Items from a data source
○ ○ ○

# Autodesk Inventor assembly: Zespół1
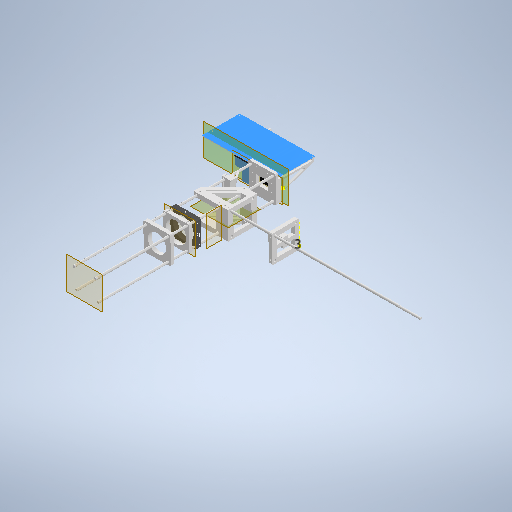
[picture p0: Inventor's stored thumbnail of the model, 512x512]
Saved by Autodesk Inventor 2025.1 (Build 291241000, 241)
## iProperties
Created: 2024-10-25
Part Number: Zespół1
Document SubType Name: Assembly
Designer: PC
Author: PC
## Documents named in this file (13)
- C:\Users\PC\Desktop\fotolito_czesci\nowe\main.iam
- C:\Users\PC\Desktop\fotolito_czesci\nowe\plyta_dmd.iam
- dmd_assembly.iam
- C:\Users\PC\Desktop\fotolito_czesci\rod.ipt
- C:\Users\PC\Desktop\fotolito_czesci\LCP09-Solidworks.ipt
- C:\Users\PC\Desktop\fotolito_czesci\nowe\wyliczenia.ipt
- C:\Users\PC\Desktop\fotolito_czesci\nowe\6_2xclamp_back.ipt
- C:\Users\PC\Desktop\fotolito_czesci\nowe\6_2xclamp_main.ipt
- C:\Users\PC\Desktop\fotolito_czesci\nowe\wzmocnienie.ipt
- C:\Users\PC\Desktop\fotolito_czesci\nowe\genera_ mount.ipt
- C:\Users\PC\Desktop\fotolito_czesci\nowe\mst.ipt
- C:\Users\PC\Desktop\fotolito_czesci\nowe\beamsplitter.ipt
- C:\Users\PC\Desktop\fotolito_czesci\nowe\camera_60mm.ipt
## Components (16 placed, 11 different names)
1. dmd_assembly:1 [sub-assembly] — Zestawiające:2, Zestawiające:3, Zestawiające:4, Zestawiające:5, Zestawiające:6, Równoległe:2, Kątowe:1, Zestawiające:8, Zestawiające:9, Zestawiające:12, Zestawiające:14, Zestawiające:16, Zestawiające:19, Zestawiające:21, Równoległe:3, Równoległe:6
2. rod:3 — Zestawiające:3, Zestawiające:5, Zestawiające:41, Zestawiające:43, Symetria:1
3. rod:4 — Zestawiające:4, Równoległe:2, Symetria:1, Zestawiające:44
4. rod:2 — Zestawiające:2, Zestawiające:6, Zestawiające:10, Zestawiające:23, Zestawiające:25, Zestawiające:45
5. LCP09-Solidworks:1 — Kątowe:1, Zestawiające:10
6. wyliczenia:1 — Zestawiające:8, Zestawiające:9, Zestawiające:11, Kątowe:2, Kątowe:3, Zestawiające:13, Kątowe:4, Kątowe:5, Zestawiające:15, Kątowe:6, Kątowe:7, Zestawiające:17, Kątowe:8, Zestawiające:18, Kątowe:9, Kątowe:10, Zestawiające:26, Zestawiające:27, Równoległe:5
7. rod:5 — Zestawiające:21, Równoległe:3, Zestawiające:22, Zestawiające:24, Zestawiające:40, Zestawiające:42
8. 6_2xclamp_back:1 — Zestawiające:24, Zestawiające:25, Równoległe:4
9. 6_2xclamp_main:1 — Zestawiające:22, Zestawiające:23, Równoległe:4, Zestawiające:26, Zestawiające:27, Równoległe:5
10. wzmocnienie:1 — Równoległe:7, Równoległe:9
11. rod:6 — Równoległe:12, Zestawiające:46, Zestawiające:48
12. rod:7 — Równoległe:12, Zestawiające:47
13. genera_ mount:1 — Zestawiające:40, Zestawiające:41
14. mst:1 — Zestawiające:42, Zestawiające:43
15. beamsplitter:1 — Zestawiające:44, Zestawiające:45, Zestawiające:46, Zestawiające:47
16. camera_60mm:1 — Zestawiające:48
## Relationships (52: Mate 33, Angle 10, Flush 8, Symmetry 1)
- Zestawiające:2 [Mate]: dmd_assembly:1 ↔ rod:2
- Zestawiające:3 [Mate]: dmd_assembly:1 ↔ rod:3
- Zestawiające:4 [Mate]: dmd_assembly:1 ↔ rod:4
- Zestawiające:5 [Mate]: dmd_assembly:1 ↔ rod:3
- Zestawiające:6 [Mate]: dmd_assembly:1 ↔ rod:2
- Równoległe:2 [Flush]: dmd_assembly:1 ↔ rod:4
- Kątowe:1 [Angle] (0 deg): dmd_assembly:1 ↔ LCP09-Solidworks:1
- Zestawiające:8 [Mate]: dmd_assembly:1 ↔ wyliczenia:1
- Zestawiające:9 [Mate]: dmd_assembly:1 ↔ wyliczenia:1
- Zestawiające:10 [Mate]: rod:2 ↔ LCP09-Solidworks:1
- Zestawiające:11 [Mate]: wyliczenia:1
- Kątowe:2 [Angle] (0 deg): wyliczenia:1
- Zestawiające:12 [Mate]: dmd_assembly:1
- Kątowe:3 [Angle] (0 deg): wyliczenia:1
- Zestawiające:13 [Mate]: wyliczenia:1
- Kątowe:4 [Angle] (0 deg): wyliczenia:1
- Zestawiające:14 [Mate]: dmd_assembly:1
- Kątowe:5 [Angle] (0 deg): wyliczenia:1
- Zestawiające:15 [Mate]: wyliczenia:1
- Kątowe:6 [Angle] (0 deg): wyliczenia:1
- Zestawiające:16 [Mate]: dmd_assembly:1
- Kątowe:7 [Angle] (0 deg): wyliczenia:1
- Zestawiające:17 [Mate]: wyliczenia:1
- Kątowe:8 [Angle] (0 deg): wyliczenia:1
- Zestawiające:18 [Mate]: wyliczenia:1
- Kątowe:9 [Angle] (0 deg): wyliczenia:1
- Zestawiające:19 [Mate]: dmd_assembly:1
- Kątowe:10 [Angle] (0 deg): wyliczenia:1
- Zestawiające:21 [Mate]: dmd_assembly:1 ↔ rod:5
- Równoległe:3 [Flush]: dmd_assembly:1 ↔ rod:5
- Zestawiające:22 [Mate]: rod:5 ↔ 6_2xclamp_main:1
- Zestawiające:23 [Mate]: rod:2 ↔ 6_2xclamp_main:1
- Zestawiające:24 [Mate]: rod:5 ↔ 6_2xclamp_back:1
- Zestawiające:25 [Mate]: rod:2 ↔ 6_2xclamp_back:1
- Równoległe:4 [Flush]: 6_2xclamp_back:1 ↔ 6_2xclamp_main:1
- Zestawiające:26 [Mate]: wyliczenia:1 ↔ 6_2xclamp_main:1
- Zestawiające:27 [Mate]: wyliczenia:1 ↔ 6_2xclamp_main:1
- Równoległe:5 [Flush]: wyliczenia:1 ↔ 6_2xclamp_main:1
- Równoległe:6 [Flush] (7.5 mm): dmd_assembly:1
- Równoległe:7 [Flush]: wzmocnienie:1
- Równoległe:9 [Flush]: wzmocnienie:1
- Równoległe:12 [Flush]: rod:6 ↔ rod:7
- Zestawiające:40 [Mate]: rod:5 ↔ genera_ mount:1
- Zestawiające:41 [Mate]: rod:3 ↔ genera_ mount:1
- Zestawiające:42 [Mate]: rod:5 ↔ mst:1
- Zestawiające:43 [Mate]: rod:3 ↔ mst:1
- Symetria:1 [Symmetry]: rod:3 ↔ rod:4
- Zestawiające:44 [Mate]: rod:4 ↔ beamsplitter:1
- Zestawiające:45 [Mate]: rod:2 ↔ beamsplitter:1
- Zestawiające:46 [Mate]: rod:6 ↔ beamsplitter:1
- Zestawiające:47 [Mate]: rod:7 ↔ beamsplitter:1
- Zestawiające:48 [Mate]: rod:6 ↔ camera_60mm:1
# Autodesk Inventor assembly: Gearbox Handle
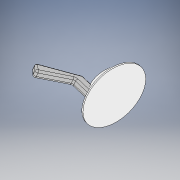
[picture p0: Inventor's stored thumbnail of the model, 180x180]
Saved by Autodesk Inventor 2016 (Build 200138000, 138)
## iProperties
Created: 2017-08-15
Part Number: Gearbox Handle
Document SubType Name: Assembly
Designer: M227562
Author: M227562
## Documents named in this file (3)
- C:\Users\M227562\Documents\My Stuff\Gearbox Stuff\Gearbox Handle.iam
- C:\Users\M227562\Documents\My Stuff\Gearbox Stuff\Handle Gearbox.ipt
- C:\Users\M227562\Documents\My Stuff\Gearbox Stuff\Handle Gearbox handle.ipt
## Components (2 placed, 2 different names)
1. Handle Gearbox:1 — Rigid:1
2. Handle Gearbox handle:1 — Rigid:1
## Relationships (1: WeldJoint 1)
- Rigid:1 [WeldJoint] (-12 mm): Handle Gearbox:1 ↔ Handle Gearbox handle:1

○ ○ ○

WHAT TO WORK ON - Among the records above, repeat exactly the line with "- C:\Users\PC\Desktop\fotolito_czesci\nowe\genera_ mount.ipt", the line with "## Components (16 placed, 11 different names)", and every line in between, and only those.

EXERCISE OUTPUT -
- C:\Users\PC\Desktop\fotolito_czesci\nowe\genera_ mount.ipt
- C:\Users\PC\Desktop\fotolito_czesci\nowe\mst.ipt
- C:\Users\PC\Desktop\fotolito_czesci\nowe\beamsplitter.ipt
- C:\Users\PC\Desktop\fotolito_czesci\nowe\camera_60mm.ipt
## Components (16 placed, 11 different names)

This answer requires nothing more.